* Exercise prompt *
A bare number is the expected answer: the count of lines in the data holding "ThreePointArc".

——

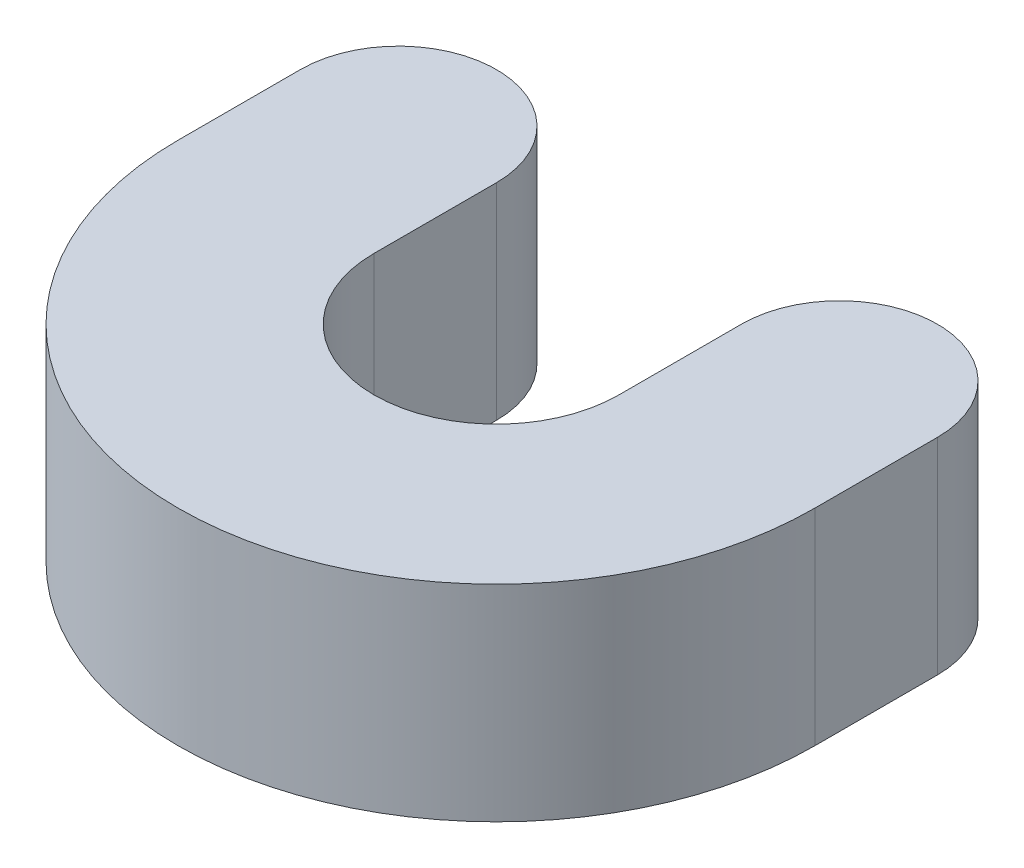
from build123d import *

# Parameters (mm, degrees)
EXTRUDE_1_DEPTH = 21


with BuildPart() as part:
    # Эскиз1 → Бобышка-Вытянуть1 (new body)
    with BuildSketch(Plane(origin=(0, 0, 0), x_dir=(1, 0, 0), z_dir=(0, 1, 0))):
        with BuildLine():
            Line((-32.5, 0), (-32.5, 12.5))
            ThreePointArc((-32.5, 12.5), (-22.5, 22.5), (-12.5, 12.5))
            Line((-12.5, 12.5), (-12.5, 0))
            ThreePointArc((-12.5, 0), (0, -12.5), (12.5, 0))
            Line((12.5, 0), (12.5, 12.5))
            ThreePointArc((12.5, 12.5), (22.5, 22.5), (32.5, 12.5))
            Line((32.5, 12.5), (32.5, 0))
            ThreePointArc((32.5, 0), (0, -32.5), (-32.5, 0))
        make_face()
    extrude(amount=EXTRUDE_1_DEPTH)


solid = part.part

——

* Answer below *
4